Je me souviens
Nous portons de longues robes en batik ou en tissu indien, des petits châles de laine. Les gars ont les cheveux longs qu’ils couvrent parfois de petits bonnets crochetés. Quand nous ne sommes pas pieds- nus, nous chaussons des sabots en bois. Ils claquent sur le plancher au rythme des violons, des banjos et autres épinettes. Nous sommes si nombreux dans la salle communale de Nyon ! Alors nous ouvrons tout grand les portes pour danser, chanter, nous asseoir dans l’herbe ou sur un parking proche. Les passants médusés ou carrément scandalisés s’enfuient en maugréant. Un vent de liberté nous enivre. Nous sommes en juillet 1976. Nous vivons notre premier festival folk.
Je me souviens…
Juillet 1977. Le festival PALEO vient de naître. Ce n’est pas une centaine de personnes mais des milliers qui déferlent sur le terrain de Colovray, au bord du lac.-comment notre petite salle communale aurait-elle résisté ?-J’ai un bébé de 6 semaines. Notre petite Magali va vivre ses premiers émois musicaux, attachée derrière mon dos ou derrière celui de son papa.
Je me souviens avec tendresse, émotion, nostalgie souvent, de tous les autres PALEO-je n’en ai raté qu’un- vécus en famille ou entre amis.

Je me souviens …
1982 le concert de Joan Baez. Je suis au premier rang. La foule se presse, se compresse, c’est un raz de marée qui me pousse sur la scène. Vais-je pouvoir respirer. Finalement tout se passe sans heurt ni malheur. Quel concert !
Je me souviens…
1983. on chante en famille avec Renaud. Anaïs a trois ans, elle est déjà une fan inconditionnelle.
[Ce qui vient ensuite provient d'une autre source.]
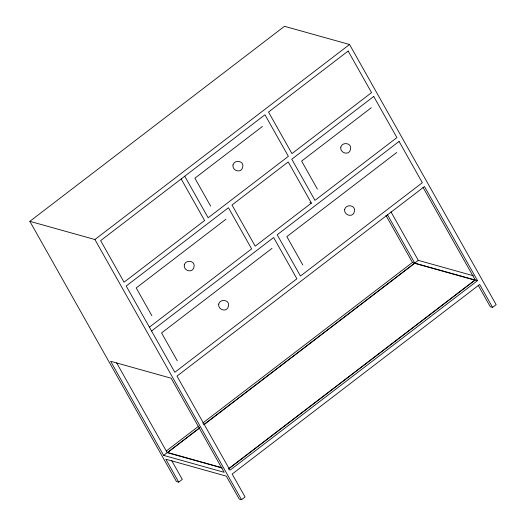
<?xml version="1.0" encoding="UTF-8"?>
<svg xmlns="http://www.w3.org/2000/svg" width="526" height="526" viewBox="0 0 526 526"><rect width="100%" height="100%" fill="white"/><g stroke="black" fill="none" stroke-linecap="round" stroke-linejoin="round"><path stroke-width="0.79" d="M171.726 460.658L182.292 479.41L178.728 482.138L176.453 481.5L29.85 221.328L284.487 26.3L349.547 44.5L496.149 304.672L492.586 307.401L490.304 306.763L478.173 285.237M29.85 221.328L94.91 239.527L349.547 44.5M262.467 126.424L194.896 178.183L210.643 206.126M371.31 107.725L301.615 161.107L317.382 189.09M225.989 219.197L136.221 287.952L151.856 315.705M149.404 327.172L251.625 248.877L228.442 207.731L126.214 286.026L174.823 372.283L296.894 278.78L273.638 237.509L151.56 331.005M311.405 203.089L255.189 246.148L232.005 205.002L288.222 161.942L311.405 203.089L309.84 202.655M396.703 152.501L286.854 236.634L302.825 264.986M271.975 248.377L161.567 332.938L177.275 360.81M166.242 451.019L198.808 426.08M202.72 423.082L412.45 262.448L477.509 280.647L230 470.218L176.979 376.116L424.489 186.546L477.509 280.647M163.652 455.385L224.161 472.309L171.141 378.207L110.631 361.283L163.652 455.385L199.788 427.71M203.694 424.719L418.288 260.357L473.295 275.742M199.571 428.046L167.636 452.505L221.564 467.588M204.134 424.554L414.633 263.329L474.814 280.161L228.468 468.837M228.376 469.08L475.234 280.01L423.016 187.335M178.728 482.138L165.815 459.218L226.318 476.142L239.238 499.062L241.513 499.7L245.077 496.971L232.163 474.051L479.673 284.481L492.586 307.401M222.222 468.041L167.215 452.656L116.608 362.835M390.976 211.879L418.288 260.357M387.412 214.608L414.725 263.085M385.939 215.397L412.45 262.448M184.738 176.223L208.151 217.777L288.373 156.334L264.959 114.773L100.637 240.632L124.057 282.192L204.588 220.512L181.168 178.952M94.91 239.527L241.513 499.7M184.291 264.907C183.258 270.857 192.871 273.684 193.982 266.998C195.711 260.64 185.731 259.173 184.291 264.907M218.711 304.061C217.672 310.011 227.285 312.839 228.402 306.152C230.125 299.794 220.144 298.321 218.711 304.061M233.005 164.973C231.966 170.924 241.585 173.751 242.696 167.064C244.426 160.706 234.445 159.233 233.005 164.973M340.802 147.188C339.77 153.138 349.382 155.966 350.5 149.279C352.223 142.921 342.242 141.455 340.802 147.188M344.681 209.381C343.642 215.331 353.262 218.159 354.373 211.472C356.102 205.114 346.121 203.641 344.681 209.381M348.146 51.061L268.523 112.045L291.943 153.605L371.56 92.622L348.146 51.061M373.723 96.455L291.785 159.214L314.969 200.36L396.906 137.602L373.723 96.455M399.07 141.441L277.202 234.774L300.458 276.051L422.325 182.713L399.07 141.441"/></g></svg>

1984 Nougaro nous bouleverse.
Je me souviens de Stephan Eicher, fidèle du PALEO qui nous offre sa magie à chacun de ses passages
Je me souviens…
En coulisse je rencontre ben Harper, j’apprécie sa gentillesse et son charme et celui de Mikael von der Heide. Je partage les facéties de Manu Thao et son groupe de la Mano Negra. Je bois de la vodka et jette mon verre vide par-dessus mon épaule, initiée par le groupe russe de balayaikas.
Je me souviens de la course à la fondue que nous organisons avec les responsables du « Club Trent » en clôture du festival.
Je me souviens des tartines géantes de Georges qu’il faut tenir à deux mains.
Je me souviens de la chaleur étouffante, de la poussière. Des pluies torrentielles, de la boue et des vêtements tout crottés qui s’amoncellent devant notre porte car en ces temps de festival beaucoup de monde dort chez nous.
Je me souviens…
1988. Nous sommes aux Etats-Unis pour les 40 ans de Jean-Pierre Par une douce soirée de Juillet, nous ramons sur un petit lac, dans une sérénité exquise. Nos deux filles sont moroses. « Dire que ce soir le PALEO commence et qu’on n’y est pas ! »
Voilà pourquoi, cette année encore. Je me retrouverai sur la plaine de l` Asse puisque c’est là que mon festival préféré continue de vivre, de grandir et…de ne pas vieillir.